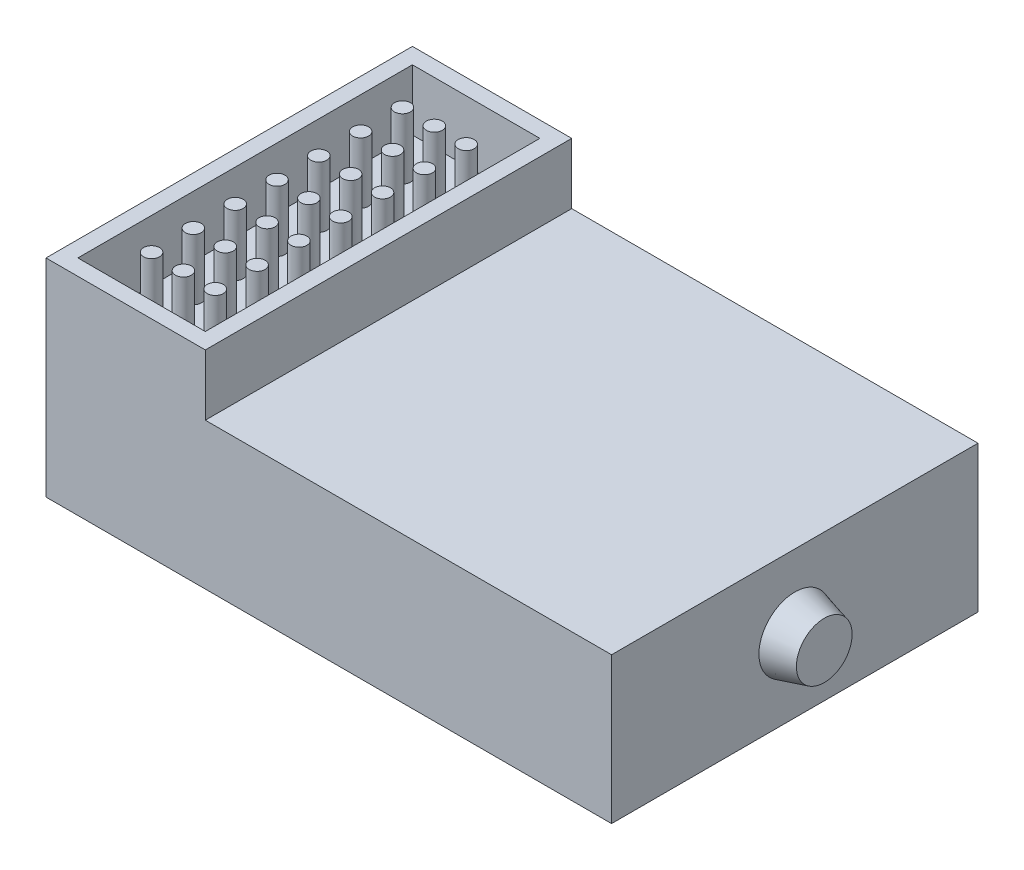
SolidWorks part; units mm, degrees
material "ABS PC"
ref_plane "Front Plane" through (0, 0, 0) normal (0, 0, 1) x (1, 0, 0)
ref_plane "Top Plane" through (0, 0, 0) normal (0, 1, 0) x (1, 0, 0)
ref_plane "Right Plane" through (0, 0, 0) normal (1, 0, 0) x (0, 0, -1)
sketch "Sketch1" plane through (0, 0, 0) normal (0, 1, 0) x (1, 0, 0)
  line L1 (-17.75, -11.5) -> (17.75, -11.5)
  line L2 (-17.75, -11.5) -> (-17.75, 11.5)
  line L3 (-17.75, 11.5) -> (17.75, 11.5)
  line L4 (17.75, -11.5) -> (17.75, 11.5)
  line L5 (-17.75, -11.5) -> (17.75, 11.5) construction
  line L6 (-17.75, 11.5) -> (17.75, -11.5) construction
  point P0 (0, 0)
  dimension "D1" = 35.5
  dimension "D2" = 23
extrude "Boss-Extrude1" add sketch "Sketch1" along normal blind 9.18
sketch "Sketch2" plane through (0, 9.18, 0) normal (0, 1, 0) x (1, 0, 0)
  line L0 (-17.75, -11.5) -> (17.75, -11.5) construction
  line L1 (-17.75, 11.5) -> (-7.75, 11.5)
  line L2 (-17.75, 11.5) -> (-17.75, -11.5)
  line L3 (-17.75, -11.5) -> (-7.75, -11.5)
  line L4 (-7.75, 11.5) -> (-7.75, -11.5)
  line L5 (-17.75, 11.5) -> (-7.75, -11.5) construction
  line L6 (-17.75, -11.5) -> (-7.75, 11.5) construction
  line L11 (-16.75, 10.5) -> (-16.75, -10.5)
  line L12 (-16.75, -10.5) -> (-8.75, -10.5)
  line L13 (-8.75, 10.5) -> (-8.75, -10.5)
  line L14 (-16.75, 10.5) -> (-8.75, 10.5)
  point P4 (-12.75, 0)
  dimension "D1" = 10
  dimension "D2" = 1
extrude "Boss-Extrude2" add sketch "Sketch2" along normal blind 3.82
sketch "Sketch3" plane through (0, 9.18, 0) normal (0, 1, 0) x (1, 0, 0)
  line L0 (-14.75, 7.875) -> (-16.75, 7.875) construction
  line L1 (-8.75, 10.5) -> (-16.75, 10.5) construction
  line L2 (-16.75, 10.5) -> (-16.75, -10.5) construction
  line L3 (-14.75, 7.875) -> (-14.75, 10.5) construction
  line L4 (-14.75, 7.875) -> (-14.75, 5.25) construction
  line L5 (-12.75, 7.875) -> (-14.75, 7.875) construction
  circle A0 centre (-14.75, 7.875) radius 0.5
  circle A1 centre (-12.75, 7.875) radius 0.5
  circle A2 centre (-10.75, 7.875) radius 0.5
  circle A3 centre (-12.75, 5.25) radius 0.5
  circle A4 centre (-10.75, 5.25) radius 0.5
  circle A5 centre (-12.75, 2.625) radius 0.5
  circle A6 centre (-10.75, 2.625) radius 0.5
  circle A7 centre (-12.75, 0) radius 0.5
  circle A8 centre (-10.75, 0) radius 0.5
  circle A9 centre (-12.75, -2.625) radius 0.5
  circle A10 centre (-10.75, -2.625) radius 0.5
  circle A11 centre (-12.75, -5.25) radius 0.5
  circle A12 centre (-10.75, -5.25) radius 0.5
  circle A13 centre (-12.75, -7.875) radius 0.5
  circle A14 centre (-10.75, -7.875) radius 0.5
  circle A15 centre (-14.75, 5.25) radius 0.5
  circle A16 centre (-14.75, 2.625) radius 0.5
  circle A17 centre (-14.75, 0) radius 0.5
  circle A18 centre (-14.75, -2.625) radius 0.5
  circle A19 centre (-14.75, -5.25) radius 0.5
  circle A20 centre (-14.75, -7.875) radius 0.5
  point P2 (-14.75, 7.875)
  dimension "D3" = 1
  dimension "D1" = 2.625
  dimension "D2" = 2
  dimension "D4" = 3
  dimension "D5" = 7
extrude "Boss-Extrude3" add sketch "Sketch3" along normal up to surface (3.82 mm away) up to face at (-12.75, 13, 0)
sketch "Sketch5" plane through (0, 0, 0) normal (0, 0, 1) x (1, 0, 0)
  line L0 (17.75, 9.18) -> (17.75, 0) construction
  line L1 (17.75, 9.18) -> (17.75, 0) construction
  line L2 (17.75, 4.59) -> (19.6, 4.59)
  line L3 (19.6, 4.59) -> (19.6, 6.34)
  line L4 (19.6, 6.34) -> (17.75, 6.84)
  line L5 (17.75, 6.84) -> (17.75, 4.59)
  dimension "D1" = 1.85
  dimension "D2" = 2.25
  dimension "D3" = 1.75
revolve "Revolve1" add sketch "Sketch5" angle 360 about L2

The problem: How many of the lines in the listing above hold the word "blind"? Report only that figure.

Your response: 2